Required work =
Give back, exactly as written, the lines from the first line of the data below through the line with "-0.9799, 0.9799, -0.9799])", and omit the pictures.

Given data =

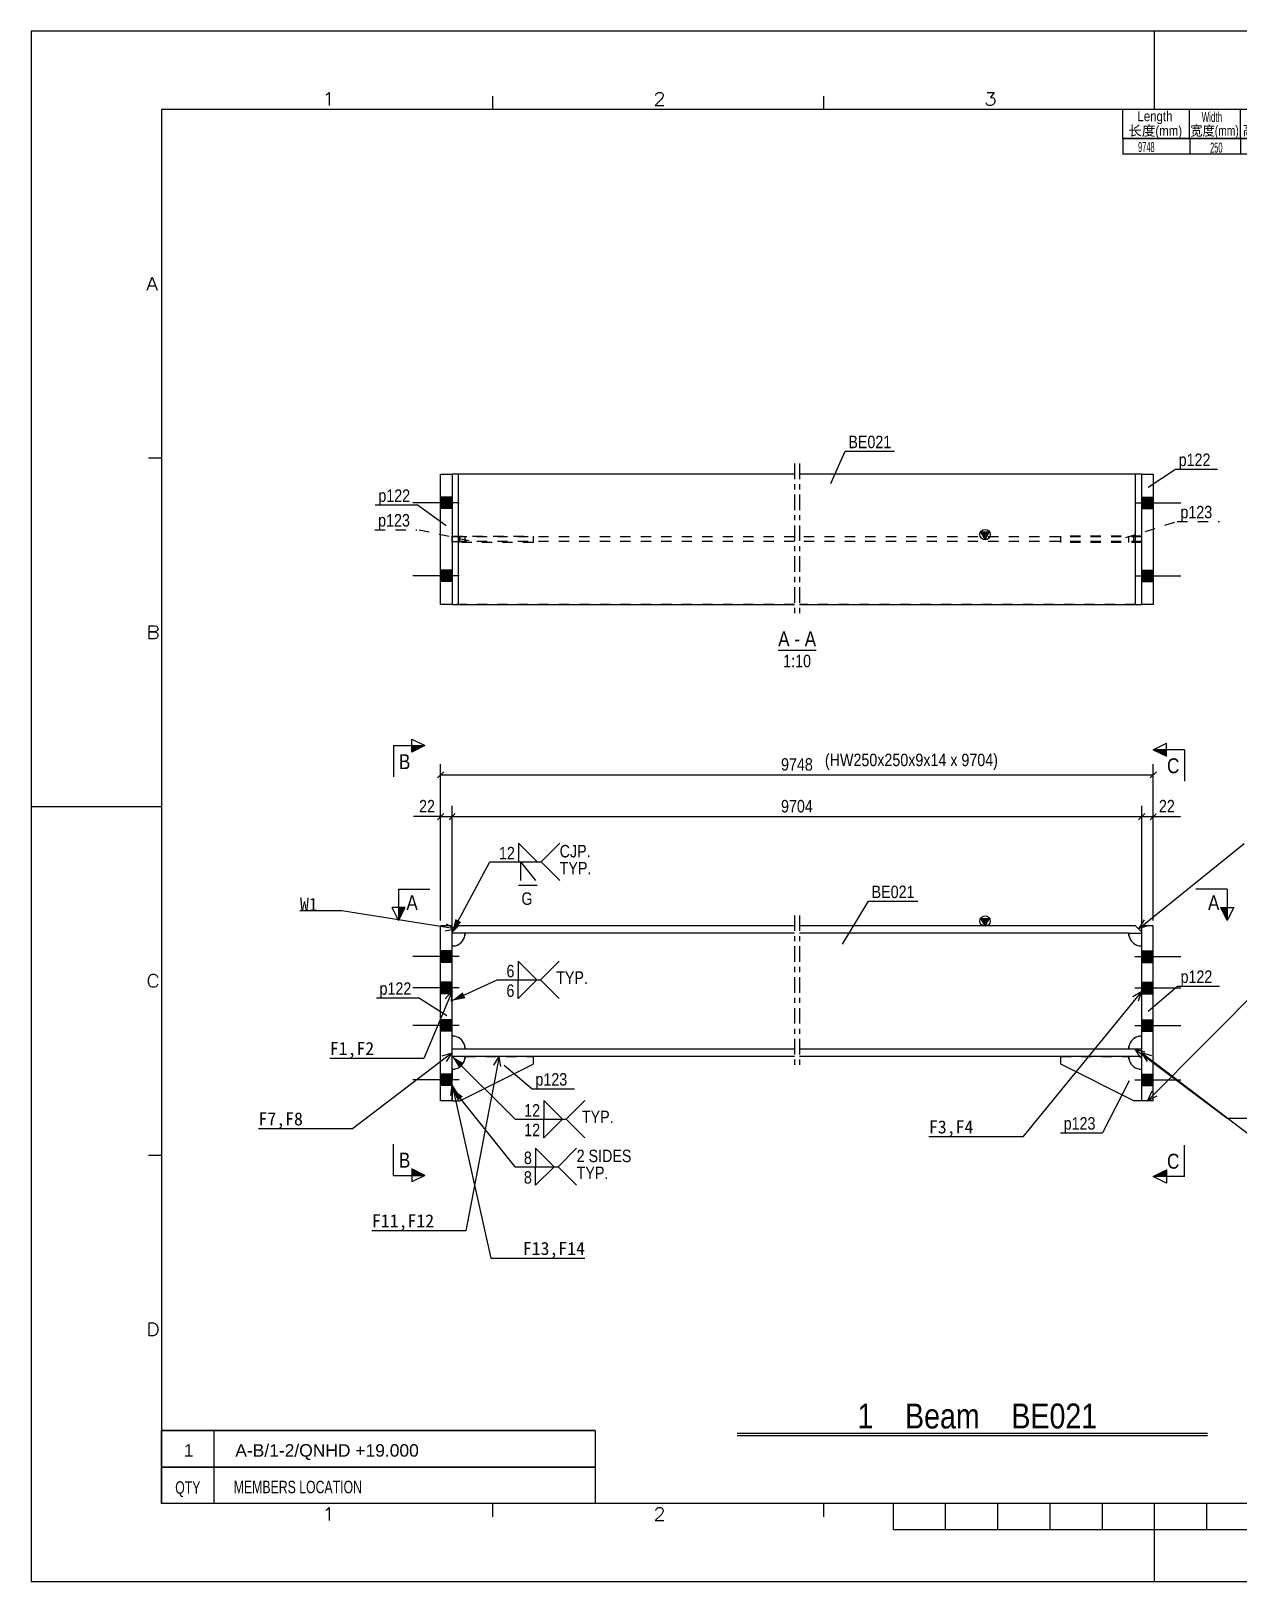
# Model space of a CAD drawing. Header units: millimetres. Extents: x -66 to 354, y -113 to 184.
# Drawn here: x -65.8 to 165.4, y -113.2 to 183.8 of the extents above; entities that cross this region are included whole.
import ezdxf

# ---------------------------------------------------------------- set-up
doc = ezdxf.new("R2010")
doc.units = ezdxf.units.MM
doc.linetypes.add('DXK_LINE_DOT2', pattern=[3.9198, 1.9599, -1.9599])
doc.linetypes.add('DXK_LINE_DOT3', pattern=[5.9187, 2.979, -0.9799, 0.9799, -0.9799])
doc.layers.add('WELD_LABELS', color=5, linetype='Continuous')
doc.styles.add('Arial', font='ARIAL.TTF', dxfattribs={"height": 0.2})
doc.styles.add('Arial Narrow', font='ARIALN.TTF', dxfattribs={"height": 0.2})

# ---------------------------------------------------------------- blocks, each defined once
blk = doc.blocks.new('Unknown-234527029-4382')
at = {"color": 7, "linetype": 'Continuous'}
for p, q in [((143.2, 163.26), (143.2, 168.84)), ((176.24, 168.84), (143.2, 168.84)), ((155.92, 163.26), (155.92, 168.84)), ((165.7, 163.25), (165.7, 168.83)), ((176.24, 163.26), (176.24, 168.84)), ((176.24, 163.26), (143.2, 163.26)), ((143.2, 163.24), (176.23, 163.24)), ((143.2, 163.24), (143.2, 160.24)), ((155.97, 163.24), (155.97, 160.24)), ((165.7, 163.24), (165.7, 160.24)), ((176.23, 163.24), (176.23, 160.24)), ((176.23, 160.24), (143.2, 160.24))]:
    blk.add_line(p, q, dxfattribs=at)
at = {"color": 3, "style": 'Arial Narrow'}
for s, p in [('Length', (145.98, 166.58)), ('长度(mm)', (144.2, 163.8))]:
    blk.add_text(s, height=1.909, dxfattribs=at).set_placement(p)
at = {"color": 3, "linetype": 'Continuous', "style": 'Arial Narrow'}
for s, width, p in [('Width', 0.7, (158.26, 166.43)), ('Height', 0.7, (168.38, 166.61)), ('宽度(mm)', 0.9, (156.09, 163.81)), ('高度(mm)', 0.9, (166.17, 163.91)), ('9748', 0.65, (146.09, 160.67)), ('250', 0.65, (159.88, 160.56)), ('335', 0.65, (167.52, 160.67))]:
    blk.add_text(s, height=1.909, dxfattribs=dict(at, width=width)).set_placement(p)
blk = doc.blocks.new('Unknown-234527029-4385')
at = {"color": 7, "linetype": 'Continuous'}
for p, q in [((69.36, -84.63), (159.36, -84.63)), ((69.36, -85.13), (159.36, -85.13))]:
    blk.add_line(p, q, dxfattribs=at)
at = {"color": 3, "style": 'Arial Narrow'}
blk.add_text('1    Beam    BE021', height=4.7721, dxfattribs=at).set_placement((92.37, -83.76))
blk = doc.blocks.new('Unknown-234527029-4387')
at = {"color": 7, "linetype": 'Continuous'}
for p, q in [((42.19, -84.16), (-40.81, -84.16)), ((-40.81, -84.16), (42.19, -84.16)), ((-40.81, -91.16), (-40.81, -84.16)), ((-30.81, -84.16), (-30.81, -91.16)), ((42.19, -84.16), (42.19, -91.16)), ((42.19, -91.16), (-40.81, -91.16)), ((42.19, -91.16), (-40.81, -91.16)), ((-40.81, -91.16), (42.19, -91.16)), ((-40.81, -98.16), (-40.81, -91.16)), ((-30.81, -91.16), (-30.81, -98.16)), ((42.19, -91.16), (42.19, -98.16)), ((42.19, -98.16), (-40.81, -98.16))]:
    blk.add_line(p, q, dxfattribs=at)
at = {"color": 7, "linetype": 'Continuous', "style": 'Arial'}
blk.add_text('1', height=2.39, dxfattribs=at).set_placement((-36.56, -89.16))
at = {"color": 7, "style": 'Arial'}
blk.add_text('A-B/1-2/QNHD +19.000', height=2.3877, dxfattribs=at).set_placement((-26.71, -89.16))
at = {"color": 7, "linetype": 'Continuous', "style": 'Arial Narrow', "width": 0.86}
for s, height, p in [('QTY', 2.386, (-38.21, -96.26)), ('MEMBERS LOCATION', 2.3861, (-27.01, -96.16))]:
    blk.add_text(s, height=height, dxfattribs=at).set_placement(p)
blk = doc.blocks.new('Unknown-234527029-4389')
at = {"color": 7, "linetype": 'Continuous'}
for p, q in [((-65.81, 183.84), (-65.81, -113.16)), ((354.19, 183.84), (-65.81, 183.84)), ((149.19, 183.84), (149.19, 168.84)), ((-9.32, 171.62), (-9.08, 171.74)), ((-9.08, 171.74), (-8.72, 172.09)), ((-8.72, 172.09), (-8.72, 169.59)), ((22.53, 171.34), (22.53, 168.84)), ((54.85, 170.78), (53.66, 169.59)), ((53.66, 169.59), (55.33, 169.59)), ((53.78, 171.62), (53.9, 171.85)), ((53.78, 171.5), (53.78, 171.62)), ((53.9, 171.85), (54.02, 171.97)), ((54.02, 171.97), (54.26, 172.09)), ((54.26, 172.09), (54.73, 172.09)), ((54.73, 172.09), (54.97, 171.97)), ((55.09, 171.14), (54.85, 170.78)), ((54.97, 171.97), (55.09, 171.85)), ((55.09, 171.85), (55.21, 171.62)), ((55.21, 171.38), (55.09, 171.14)), ((55.21, 171.62), (55.21, 171.38)), ((85.86, 171.34), (85.86, 168.84)), ((117.11, 169.83), (116.99, 170.07)), ((117.23, 169.71), (117.11, 169.83)), ((117.23, 172.09), (118.54, 172.09)), ((117.58, 169.59), (117.23, 169.71)), ((117.94, 169.59), (117.58, 169.59)), ((118.54, 172.09), (117.82, 171.14)), ((117.82, 171.14), (118.18, 171.14)), ((118.3, 169.71), (117.94, 169.59)), ((118.18, 171.14), (118.42, 171.02)), ((118.54, 169.95), (118.3, 169.71)), ((118.42, 171.02), (118.54, 170.9)), ((118.54, 170.9), (118.66, 170.55)), ((118.66, 170.31), (118.54, 169.95)), ((118.66, 170.55), (118.66, 170.31)), ((-40.81, 168.84), (-40.81, -98.16)), ((339.19, 168.84), (-40.81, 168.84)), ((-43.57, 134.22), (-42.62, 136.72)), ((-42.62, 136.72), (-41.67, 134.22)), ((-43.22, 135.05), (-42.03, 135.05)), ((-43.31, 102.09), (-40.81, 102.09)), ((-43.22, 67.47), (-43.22, 69.97)), ((-43.22, 69.97), (-42.15, 69.97)), ((-42.15, 68.78), (-43.22, 68.78)), ((-43.22, 68.78), (-42.15, 68.78)), ((-42.15, 69.97), (-41.79, 69.85)), ((-41.79, 68.9), (-42.15, 68.78)), ((-42.15, 68.78), (-41.79, 68.66)), ((-41.79, 69.85), (-41.67, 69.73)), ((-41.67, 69.02), (-41.79, 68.9)), ((-41.79, 68.66), (-41.67, 68.54)), ((-41.67, 69.73), (-41.55, 69.49)), ((-41.55, 69.25), (-41.67, 69.02)), ((-41.67, 68.54), (-41.55, 68.3)), ((-41.55, 69.49), (-41.55, 69.25)), ((-42.15, 67.47), (-43.22, 67.47)), ((-41.79, 67.59), (-42.15, 67.47)), ((-41.67, 67.71), (-41.79, 67.59)), ((-41.55, 67.94), (-41.67, 67.71)), ((-41.55, 68.3), (-41.55, 67.94)), ((-65.81, 35.34), (-40.81, 35.34)), ((-43.1, 2.86), (-42.86, 3.1)), ((-42.86, 3.1), (-42.62, 3.22)), ((-42.62, 3.22), (-42.15, 3.22)), ((-42.15, 3.22), (-41.91, 3.1)), ((-41.91, 3.1), (-41.67, 2.86)), ((-43.34, 2.27), (-43.22, 2.62)), ((-43.34, 1.67), (-43.34, 2.27)), ((-43.22, 1.31), (-43.34, 1.67)), ((-43.22, 2.62), (-43.1, 2.86)), ((-43.1, 1.07), (-43.22, 1.31)), ((-42.86, 0.84), (-43.1, 1.07)), ((-42.62, 0.72), (-42.86, 0.84)), ((-42.15, 0.72), (-42.62, 0.72)), ((-41.91, 0.84), (-42.15, 0.72)), ((-41.67, 1.07), (-41.91, 0.84)), ((-41.67, 2.86), (-41.55, 2.62)), ((-41.55, 1.31), (-41.67, 1.07)), ((-43.31, -31.41), (-40.81, -31.41)), ((-43.22, -66.03), (-43.22, -63.53)), ((-43.22, -63.53), (-42.38, -63.53)), ((-42.38, -63.53), (-42.03, -63.65)), ((-42.03, -63.65), (-41.79, -63.89)), ((-41.79, -63.89), (-41.67, -64.13)), ((-41.67, -64.13), (-41.55, -64.48)), ((-41.55, -65.08), (-41.67, -65.44)), ((-41.55, -64.48), (-41.55, -65.08)), ((-42.38, -66.03), (-43.22, -66.03)), ((-42.03, -65.91), (-42.38, -66.03)), ((-41.79, -65.68), (-42.03, -65.91)), ((-41.67, -65.44), (-41.79, -65.68)), ((339.19, -98.16), (-40.81, -98.16)), ((-9.32, -99.38), (-9.08, -99.26)), ((-9.08, -99.26), (-8.72, -98.91)), ((-8.72, -98.91), (-8.72, -101.41)), ((22.53, -98.16), (22.53, -100.66)), ((54.85, -100.22), (53.66, -101.41)), ((53.78, -99.38), (53.9, -99.15)), ((53.78, -99.5), (53.78, -99.38)), ((53.9, -99.15), (54.02, -99.03)), ((54.02, -99.03), (54.26, -98.91)), ((54.26, -98.91), (54.73, -98.91)), ((54.73, -98.91), (54.97, -99.03)), ((55.09, -99.86), (54.85, -100.22)), ((54.97, -99.03), (55.09, -99.15)), ((55.09, -99.15), (55.21, -99.38)), ((55.21, -99.62), (55.09, -99.86)), ((55.21, -99.38), (55.21, -99.62)), ((85.86, -98.16), (85.86, -100.66)), ((99.19, -98.16), (99.19, -103.16)), ((109.19, -98.16), (109.19, -103.16)), ((119.19, -98.16), (119.19, -103.16)), ((129.19, -98.16), (129.19, -103.16)), ((139.19, -98.16), (139.19, -103.16)), ((149.19, -98.16), (149.19, -113.16)), ((159.19, -98.16), (159.19, -103.16)), ((53.66, -101.41), (55.33, -101.41)), ((199.19, -103.16), (99.19, -103.16)), ((354.19, -113.16), (-65.81, -113.16))]:
    blk.add_line(p, q, dxfattribs=at)
blk = doc.blocks.new('Unknown-234527029-11 - 1912')
at = {"color": 6, "linetype": 'Continuous'}
blk.add_line((77.2, 65.26), (84.48, 65.26), dxfattribs=at)
at = {"color": 0, "linetype": 'Continuous'}
for points in [[(79.39, 66.01), (79.39, 69.01), (77.2, 69.01), (77.2, 66.01)], [(83.5, 62.01), (83.5, 64.51), (78.17, 64.51), (78.17, 62.01)]]:
    blk.add_wipeout(points, dxfattribs=at)
at = {"color": 6, "linetype": 'Continuous', "style": 'Arial Narrow'}
blk.add_text('1:10', height=2.386, dxfattribs=at).set_placement((78.17, 62.01))
at = {"color": 0, "linetype": 'Continuous'}
blk.add_wipeout([(81.38, 66.01), (81.38, 69.01), (80.29, 69.01), (80.29, 66.01)], dxfattribs=at)
at = {"color": 6, "linetype": 'Continuous', "style": 'Arial Narrow'}
blk.add_text('A', height=2.86, dxfattribs=at).set_placement((77.2, 66.01))
at = {"color": 0, "linetype": 'Continuous'}
blk.add_wipeout([(84.48, 66.01), (84.48, 69.01), (82.28, 69.01), (82.28, 66.01)], dxfattribs=at)
at = {"color": 6, "linetype": 'Continuous', "style": 'Arial Narrow'}
for s, p in [('A', (82.28, 66.01)), ('-', (80.29, 66.01))]:
    blk.add_text(s, height=2.86, dxfattribs=at).set_placement(p)
blk = doc.blocks.new('Part-234527029-1914 - 1912')
at = {"color": 7, "linetype": 'DXK_LINE_DOT2'}
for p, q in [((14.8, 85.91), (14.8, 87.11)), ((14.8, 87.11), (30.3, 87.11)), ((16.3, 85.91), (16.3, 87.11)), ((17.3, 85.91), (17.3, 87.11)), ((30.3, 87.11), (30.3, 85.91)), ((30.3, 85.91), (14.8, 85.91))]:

Task result =
# Model space of a CAD drawing. Header units: millimetres. Extents: x -66 to 354, y -113 to 184.
# Drawn here: x -65.8 to 165.4, y -113.2 to 183.8 of the extents above; entities that cross this region are included whole.
import ezdxf

# ---------------------------------------------------------------- set-up
doc = ezdxf.new("R2010")
doc.units = ezdxf.units.MM
doc.linetypes.add('DXK_LINE_DOT2', pattern=[3.9198, 1.9599, -1.9599])
doc.linetypes.add('DXK_LINE_DOT3', pattern=[5.9187, 2.979, -0.9799, 0.9799, -0.9799])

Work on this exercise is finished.